After the reproduction step, the new Eaters are placed in a new world with a new set of plants, and a new year begins. The Eaters are initially in state number zero and are facing in random directions.
The average fitness and the highest individual fitness for the previous year are displayed below the "World." Below that is a table that shows these statistics for certain previous years. Information is displayed in this table every year for the first 10 years, then every tenth year up to the 1000-th year, and every 100-th year after that. Also, if a new high average score is achieved in a given year, data for that year is added to the table, even if it would be skipped otherwise. New high average scores are marked with an asterix. After the first 100 years, this window also shows the "average average score" for the previous 100 years.
Various aspects of the world are controlled using the various menus, which appear to the right of the world. Mutation Probability and Crossover Probability were mentioned above. Most of the other menus are either self-explanatory or best left to discovery through exploration. Whenever you make a change in this menu, it becomes operative at first opportunity. Changes that affect the initial state of the world, such as the "Number of Plants", will be applied immediately if the world is on Day 1 of Year 1; otherwise, they will be applied at the end of the current year. Some settings, such as the "When a plant is eaten" menu, can take effect even in the middle of a year.

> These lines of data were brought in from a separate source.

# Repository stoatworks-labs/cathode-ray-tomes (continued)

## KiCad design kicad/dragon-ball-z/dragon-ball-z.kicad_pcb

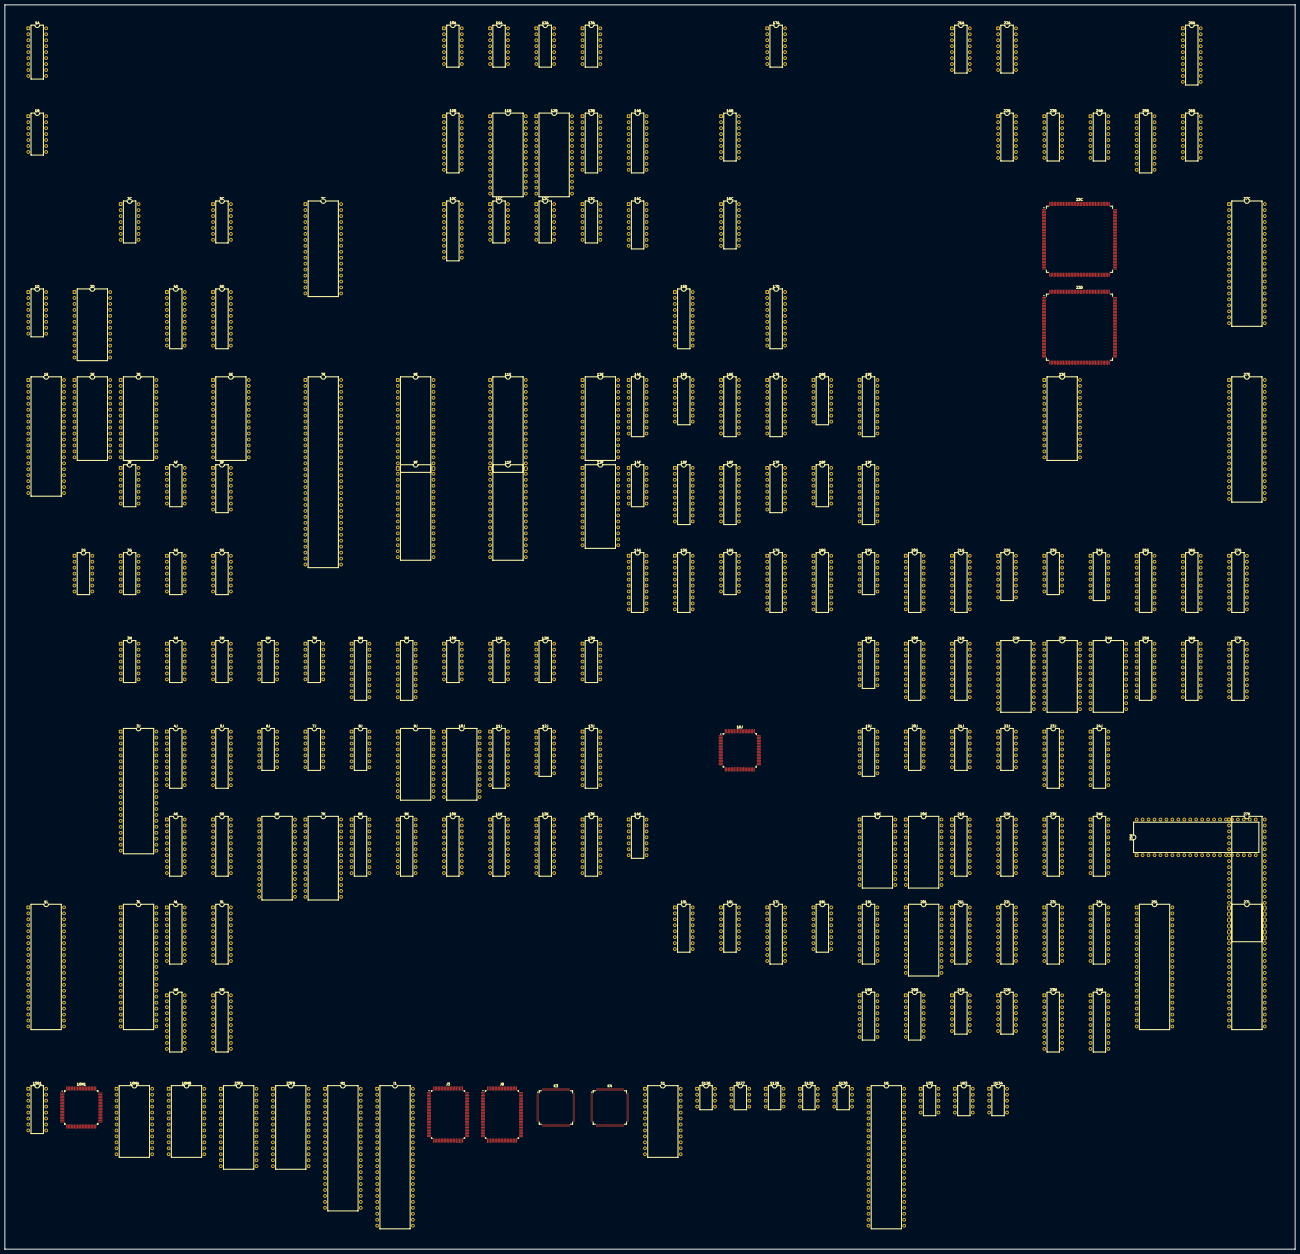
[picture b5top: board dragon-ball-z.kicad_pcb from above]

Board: 2 copper layers, 550.4 x 530.8 mm, 188 parts (0 on the bottom side), 1050 nets, no tracks yet.

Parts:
1A: DIP-18_W7.62mm
1B, 5C: DIP-14_W7.62mm
1D: YM3012; DIP-16_W7.62mm
1E: Z80; DIP-40_W15.24mm
1L, 3J, 3L, 25K, 25L, 27C, 27E, 27K, 27L: 065A08; DIP-42_W15.24mm
2D: YM2151; DIP-24_W15.24mm
2E, 3E, 23E, 23FA, 23FB: MB8464A-10W-15W; DIP-28_W15.24mm
2G: 74LS21; DIP-14_W7.62mm
3C: 4066; DIP-14_W7.62mm
3F, 4H, 5H, 7H, 7J, 11C, 14K, 17A: 74LS74; DIP-14_W7.62mm
3G, 3H, 13C, 14F, 16G, 18F, 22J: 74LS04; DIP-14_W7.62mm
4D, 8H, 9H: PAL16L8; DIP-20_W7.62mm
4F, 5G, 6J, 10H, 11H, 12C, 12H, 13H, 19G, 23G: 74LS32; DIP-14_W7.62mm
4G: 74LS10; DIP-14_W7.62mm
4J, 4K, 4L, 4M, 5D, 5J, 5K, 5L, 5M, 16F, 17E, 19E, 23L, 24J, 24K, 24L, 24M, 26H, 27H: 74LS374; DIP-20_W7.62mm
5E: 27256; DIP-28_W15.24mm
5F: 74LS148; DIP-16_W7.62mm
6H, 8J: 74LS08; DIP-14_W7.62mm
6K, 7K: MB8464A-80-10-15/L-LL; DIP-28_W15.24mm
7C: MS2M; DIP-32_W15.24mm
7E: 68000D; DIP-64_W15.24mm
8K, 9K, 10B, 10K, 11J, 11K, 12K, 13J, 13K, 14E, 14G, 25B, 26A: 74LS245; DIP-20_W7.62mm
9E, 9F, 11E, 11F: DIP-32_W15.24mm
9J, 10J, 16MA, 16MB: TMM2018_25_35_45; DIP-24_W15.24mm
10A, 11A, 12A, 13A: 74LS07; DIP-14_W7.62mm
10C, 13B, 14B, 15D, 17D, 17G, 17L: 74LS273; DIP-20_W7.62mm
11B, 12B, 13E, 13F: SRAM32K8B; DIP-28_W15.24mm
12J, 15L, 16L, 18L, 23B: 74LS367; DIP-16_W7.62mm
14C, 15B1, 16C, 17F, 18E, 19H, 19J, 19M, 20M, 22B, 22G, 24G: 74LS157; DIP-16_W7.62mm
15E, 16B: 74LS138; DIP-16_W7.62mm
15F, 19F, 20G, 20H, 21G, 21H, 21K, 22L, 23J, 23K, 23M, 27G: 74LS244; DIP-20_W7.62mm
15G, 19L, 21L, 22K, 25G, 25H: 74LS373; DIP-20_W7.62mm
16E: 74F245; DIP-20_W7.62mm
16H1, 16J: 053936; PQFP-80_14x14mm_P0.65mm
18G: PALACE16V8H-25; DIP-20_W7.62mm
19K, 20K, 20L, 22H, 23H, 24H: HM6116P-3; DIP-24_W15.24mm
20J, 21J, 21M, 22M: 74LS86; DIP-14_W7.62mm
21A, 22A, 24B, 26B: 74LS257; DIP-16_W7.62mm
23C: 054157; PQFP-160_28x28mm_P0.65mm
23D: 054156; PQFP-160_28x28mm_P0.65mm
26G: 74F374; DIP-20_W7.62mm
H1: 065A08; DIP-42_W15.24mm
I1: DIP-48_W15.24mm
J3, J8: 053251; PQFP-100_14x20mm_P0.65mm
K3: 053247; TQFP-120_14x14mm_P0.4mm
K4: 053246; TQFP-120_14x14mm_P0.4mm
S1: 051550; DIP-24_W15.24mm
S126, S127, S128, S129, S130: 005273; DIP-8_W7.62mm
U6: OKI6295; DIP-48_W15.24mm
U33, U63, U134: 052535; DIP-10_W7.62mm

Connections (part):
/3H10: 3F.11, 3H.10, 17G.11
/4D19: 4D.19, 11C.13
/4F6: 4F.6, 6H.13
/4HP5: 4H.5, 18G.7
/8H13: 8H.13, 9E.24, 9F.24, 11E.24, 11F.24, 18G.13
/8H19: 8H.19, 18G.5
/8JP11: 6H.4, 6J.4, 8J.11
/10C9: 10C.9, 14C.3
/10C12: 3F.4, 10C.12
/10h2: 3G.1, 3H.9, 3H.11, 3H.12, 7J.11, 10H.2, 19G.9, 19G.12, 23G.1
/12C2: 12C.2, 14C.12
/12C5: 12C.5, 14C.9
/13C8: 13C.3, 13C.8, 13C.11, 13C.13
/15E9: 15E.9, 18G.9, 23L.11, 26H.11
/16B11: 5D.11, 16B.11
/16B12: 10C.11, 16B.12
/16B14: 16B.14, 26A.19
/16B15: 18G.15, 23B.12, 25B.19
/16HCLK: 13C.4, 15D.11, 15G.11, 16F.11, 16H1.64, 17F.1, 19E.11, 19H.1, 22G.1, 24G.1, 24J.11, 25G.11, 25H.11, 26G.11, 27H.11
/16JCLK: 13C.10, 16J.64, 17D.11, 17E.11, 19J.1, 19L.11, 19M.1, 20M.1, 21L.11, 22K.11, 24K.11, 24L.11, 24M.11
/AS: 3H.2, 4H.4, 4H.10, 5H.4, 5H.10, 17G.1
/BCOL0: 17D.2, J3.4, J8.4, J8.51
/BCOL1: 17D.5, J3.5, J8.5, J8.52
/BCOL2: 17D.6, J3.6, J8.6, J8.54
/BCOL3: 17D.9, J3.7, J8.7, J8.55
/BCOL4: 17D.12, J3.55, J8.8
/BCOL5: 17D.15, J3.56, J8.9
/BDB0: 15F.18, 15G.3, 16F.3, 22H.9
/BDB1: 15F.16, 15G.4, 16F.4, 22H.10
/BDB2: 15F.14, 15G.7, 16F.7, 22H.11
/BDB3: 15F.12, 15G.8, 16F.8, 22H.13
/BDB4: 15F.9, 15G.13, 16F.13, 22H.14
/BDB5: 15F.7, 15G.14, 16F.14, 22H.15
/BDB6: 15F.5, 15G.17, 16F.17, 20J.2, 21J.2, 21J.5, 21J.13, 22H.16
/BDB7: 15F.3, 15G.18, 20J.5, 20J.10, 20J.13, 21J.9, 22H.17
/BDB8: 20H.18, 23H.9, 25H.3, 27H.3
/BDB9: 20H.16, 23H.10, 25H.4, 27H.4
/BDB10: 20H.14, 23H.11, 25H.7, 27H.7
/BDB11: 20H.12, 23H.13, 25H.8, 27H.8
/BDB12: 20H.9, 23H.14, 25H.13, 27H.13
/BDB13: 20H.7, 23H.15, 25H.14, 27H.14
/BDB14: 20H.5, 23H.16, 25H.17, 27H.17
/BDB15: 20H.3, 23H.17, 25H.18, 27H.18
/BDB16: 21H.18, 24H.9, 25G.3, 26G.3
/BDB17: 21H.16, 24H.10, 25G.4, 26G.4
/BDB18: 21H.14, 24H.11, 25G.7, 26G.7
/BDB19: 21H.12, 24H.13, 25G.8, 26G.8
/BDB20: 21H.9, 24H.14, 25G.13, 26G.13
/BDB21: 21H.7, 24H.15, 25G.14, 26G.14
/BDB22: 21H.5, 24H.16, 25G.17, 26G.17
/BDB23: 21H.3, 24H.17, 25G.18, 26G.18
/BNK~SCR: 15E.13, 23C.64
/CI0: 23C.154, J3.57, J8.57
/CI1: 23C.153, J3.58, J8.58
/CI2: 23C.51, J3.59, J8.59
/CI3: 23C.52, J3.60, J8.60
/CI4: 23C.143, J8.61
/CI5: 23C.142, J8.62
/CI6: 23C.141, J8.63
/CI7: 23C.138, J8.64
/CLK1: 3H.13, I1.8
/CLK2: 22J.5, I1.9
/CLKMIX: 3G.3, 7H.12, 11C.3, 13B.11, 13C.12, 14B.11, 14K.11, 17A.3, 17A.11, J3.41, J8.41
/COA7: 16C.3, J3.11
/COA8: 16C.6, J3.93
/COA9: 16C.10, J3.92
/COA10: 16C.13, J3.91
/COB0: 15B1.3, J8.19
/COB1: 15B1.6, J8.18
/COB2: 15B1.10, J8.17
/COB3: 15B1.13, J8.16
/COB4: 22B.3, J8.14
/COB5: 22B.6, J8.13
/COB6: 22B.10, J8.12
/COB7: 22B.13, J8.11
/COIN_CNT_1: S1.22, S1.23
/COIN_CNT_2: S1.20, S1.21
/CPG~CS: 16B.7, J3.81, J8.81
/CR~CS: 15E.15, K3.9
/CTRB: 3C.5, 5D.1, 10C.16, 14F.13
/DAO: 5C.3, U6.36
/FCOL0: 23C.152, J3.66, J8.66
/FCOL1: 23C.151, J3.67, J8.67
/FCOL2: 23C.53, J3.68, J8.68
/FCOL3: 23C.54, J3.69, J8.69
/FPAL0: 23C.135, J8.70
/FPAL1: 23C.134, J8.71
/FPAL2: 23C.133, J8.72
/FPAL3: 23C.132, J8.73
/GFXROMA0: 23D.159, 27C.10, 27E.10
/GFXROMA1: 23D.158, 27C.9, 27E.9
/GFXROMA2: 23D.157, 27C.8, 27E.8
/GFXROMA3: 23D.156, 27C.7, 27E.7
/GFXROMA4: 23D.155, 27C.6, 27E.6
/GFXROMA5: 23D.154, 27C.5, 27E.5
/GFXROMA6: 23D.153, 27C.4, 27E.4
/GFXROMA7: 23D.152, 27C.3, 27E.3
/GFXROMA8: 23D.151, 27C.41, 27E.41
/GFXROMA9: 23D.149, 27C.40, 27E.40
/GFXROMA10: 23D.148, 27C.39, 27E.39
/GFXROMA11: 23D.147, 27C.38, 27E.38
/GFXROMA12: 23D.146, 27C.37, 27E.37
/GFXROMA13: 23D.145, 27C.36, 27E.36
/GFXROMA14: 23D.144, 27C.35, 27E.35
/GFXROMA15: 23D.143, 27C.34, 27E.34
/GFXROMA16: 23D.142, 27C.33, 27E.33
/GFXROMA17: 23D.141, 27C.2, 27E.2
/GFXROMA18: 23D.138, 27C.1, 27E.1
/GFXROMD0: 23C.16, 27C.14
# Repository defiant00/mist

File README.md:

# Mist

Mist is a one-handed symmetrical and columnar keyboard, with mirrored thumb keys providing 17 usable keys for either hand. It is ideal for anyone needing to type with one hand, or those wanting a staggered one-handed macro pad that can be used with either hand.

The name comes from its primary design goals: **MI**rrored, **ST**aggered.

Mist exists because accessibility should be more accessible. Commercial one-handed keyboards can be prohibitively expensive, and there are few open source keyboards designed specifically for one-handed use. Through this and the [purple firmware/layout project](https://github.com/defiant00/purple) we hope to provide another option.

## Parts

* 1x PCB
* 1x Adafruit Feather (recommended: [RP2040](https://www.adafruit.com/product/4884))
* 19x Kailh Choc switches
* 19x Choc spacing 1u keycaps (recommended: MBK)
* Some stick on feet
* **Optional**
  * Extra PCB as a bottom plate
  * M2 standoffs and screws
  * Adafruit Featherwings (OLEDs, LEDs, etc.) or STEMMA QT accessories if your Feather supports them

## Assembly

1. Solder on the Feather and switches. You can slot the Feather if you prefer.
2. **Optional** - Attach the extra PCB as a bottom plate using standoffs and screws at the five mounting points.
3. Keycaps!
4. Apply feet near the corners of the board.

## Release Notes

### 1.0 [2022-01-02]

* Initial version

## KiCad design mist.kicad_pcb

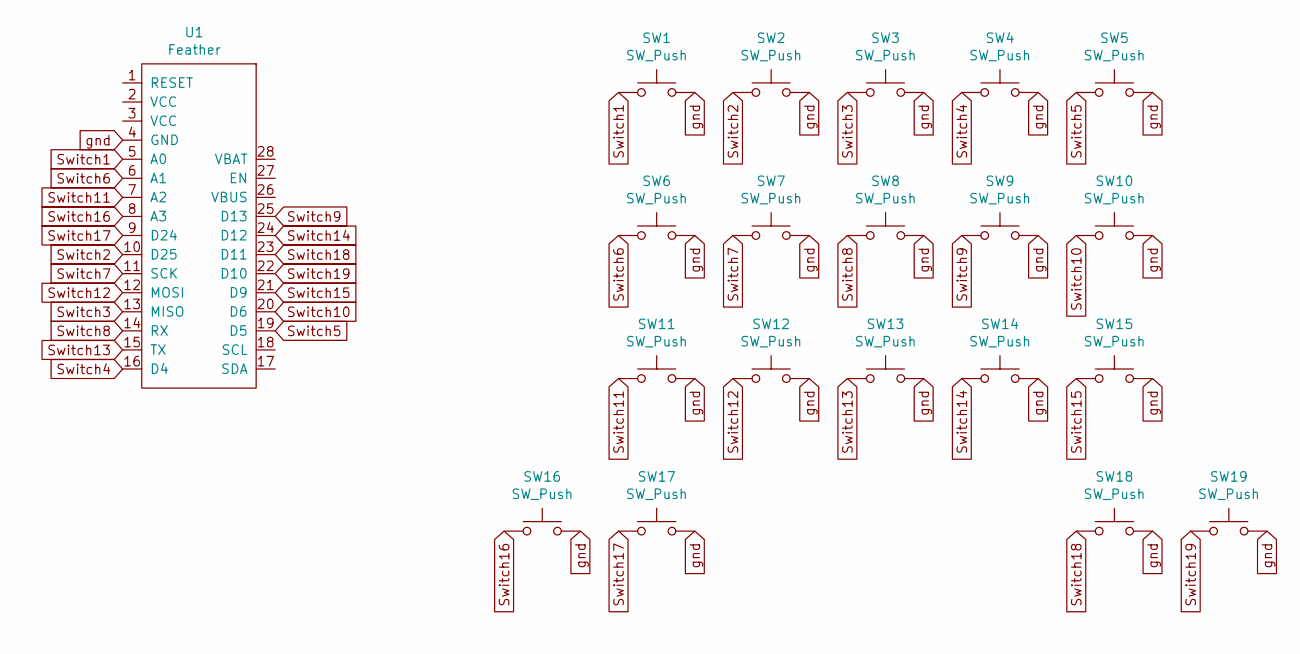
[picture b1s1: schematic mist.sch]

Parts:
SW1, SW2, SW3, SW4, SW5, SW6, SW7, SW8, SW9, SW10, SW11, SW12, SW13, SW14, SW15, SW16, SW17, SW18, SW19: SW_Push; Kailh-PG1350-1u-Clickhole-NoLED
U1: Feather; Adafruit_Feather

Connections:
Switch1: SW1.1, U1.5 (A0)
Switch2: SW2.1, U1.10 (D25)
Switch3: SW3.1, U1.13 (MISO)
Switch4: SW4.1, U1.16 (D4)
Switch5: SW5.1, U1.19 (D5)
Switch6: SW6.1, U1.6 (A1)
Switch7: SW7.1, U1.11 (SCK)
Switch8: SW8.1, U1.14 (RX)
Switch9: SW9.1, U1.25 (D13)
Switch10: SW10.1, U1.20 (D6)
Switch11: SW11.1, U1.7 (A2)
Switch12: SW12.1, U1.12 (MOSI)
Switch13: SW13.1, U1.15 (TX)
Switch14: SW14.1, U1.24 (D12)
Switch15: SW15.1, U1.21 (D9)
Switch16: SW16.1, U1.8 (A3)
Switch17: SW17.1, U1.9 (D24)
Switch18: SW18.1, U1.23 (D11)
Switch19: SW19.1, U1.22 (D10)
gnd: SW1.2, SW2.2, SW3.2, SW4.2, SW5.2, SW6.2, SW7.2, SW8.2, SW9.2, SW10.2, SW11.2, SW12.2, SW13.2, SW14.2, SW15.2, SW16.2, SW17.2, SW18.2, SW19.2, U1.4 (GND)

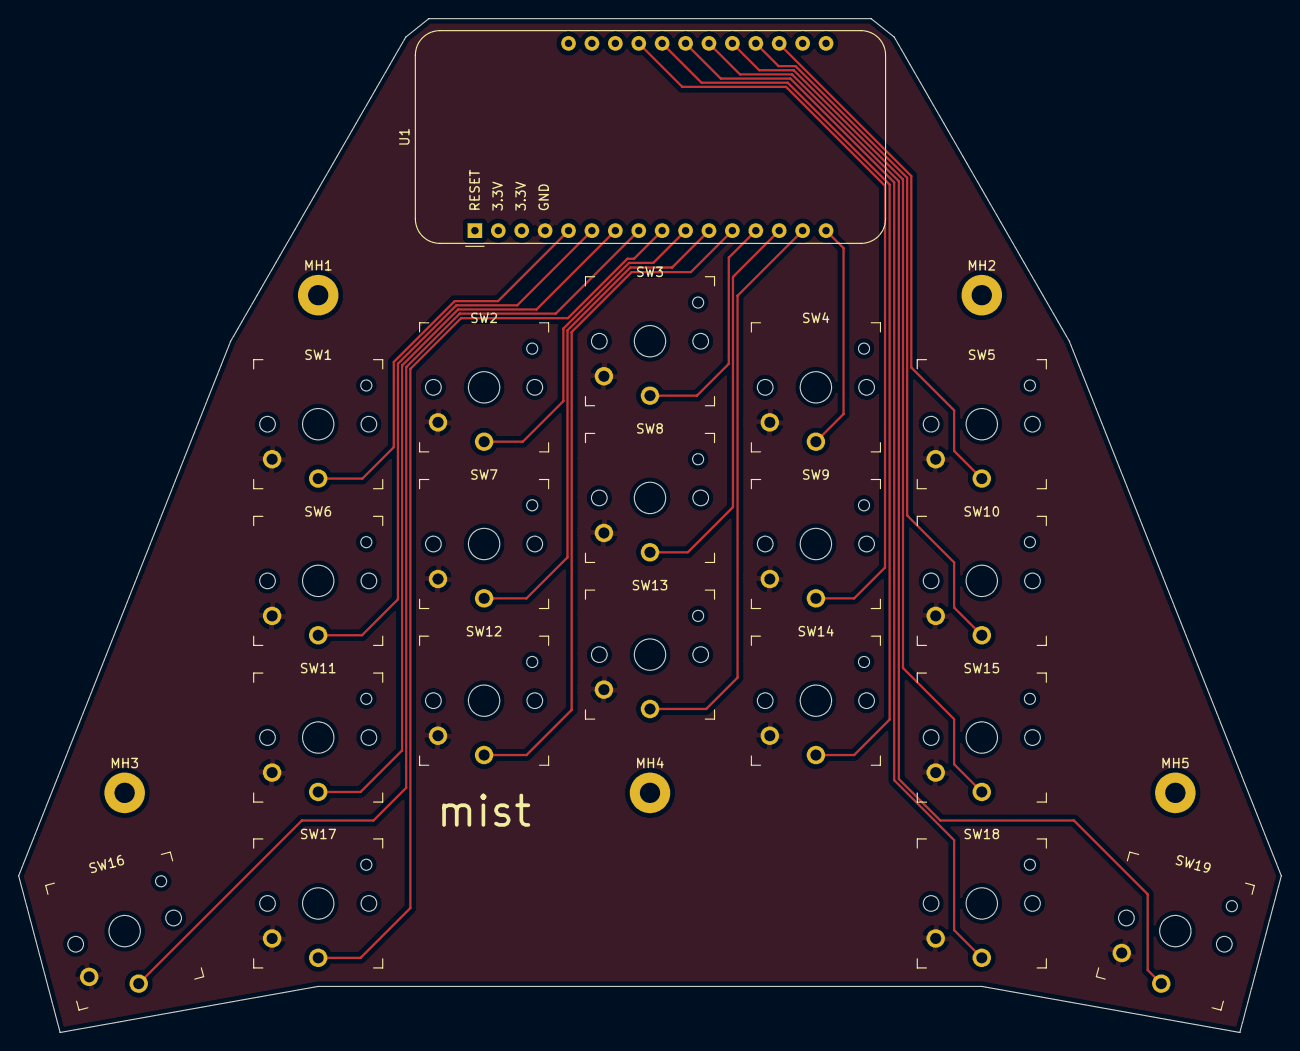
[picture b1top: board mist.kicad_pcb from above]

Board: 2 copper layers, 137.0 x 110.0 mm, 25 parts (0 on the bottom side), 20 nets.

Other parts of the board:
MH1, MH2, MH3, MH4, MH5: MountingHole_2.2mm_M2_Pad

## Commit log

2022-01-02 initial version
2022-01-03 added clickhole and gerbers
2022-01-15 removed untested warning
2022-01-22 added parts and assembly
2022-01-22 added image
2022-01-22 added image to readme

The "Fitness score is" menu needs some explanation. It is designed to test the idea that the genetic algorithm works better if it doesn't try to work too quickly. For example, if you set this menu to "Cube of Number of Plants Eaten," then the fitness score of an eater is n3, where n is the number of plants that the eater has eater in a year. This greatly increases the relative fitness of eaters that have eaten a lot plants, compared to eaters that have eaten only a few, and that means that the more successful eater will tend to have a lot more offspring. The better eaters tend to quickly take over the population with copies of themselves, which might seem like a good thing—but it means that genetic diversity can be lost too quickly. The genetic algorithm might work better if the better eaters have less of an advantage.
The "Start from Scratch" button will start over with a new, randomly generated population of Eaters, using the current settings of the menu. All of the collected statistics from the previous run are discarded, and the world starts over from year one.
The speed settings in the Run Speed menu should be fairly obvious. Note that the "Yearly Stats Only" speed is designed to make the years go by as quickly as possible. When this speed is selected, the contents of the world are not shown. A possible technique is to let the program run at this maximum speed until it looks from the average scores like something interesting has happened. You can then switch back to one of the other speed settings and try to see what new behavior the Eaters have "learned."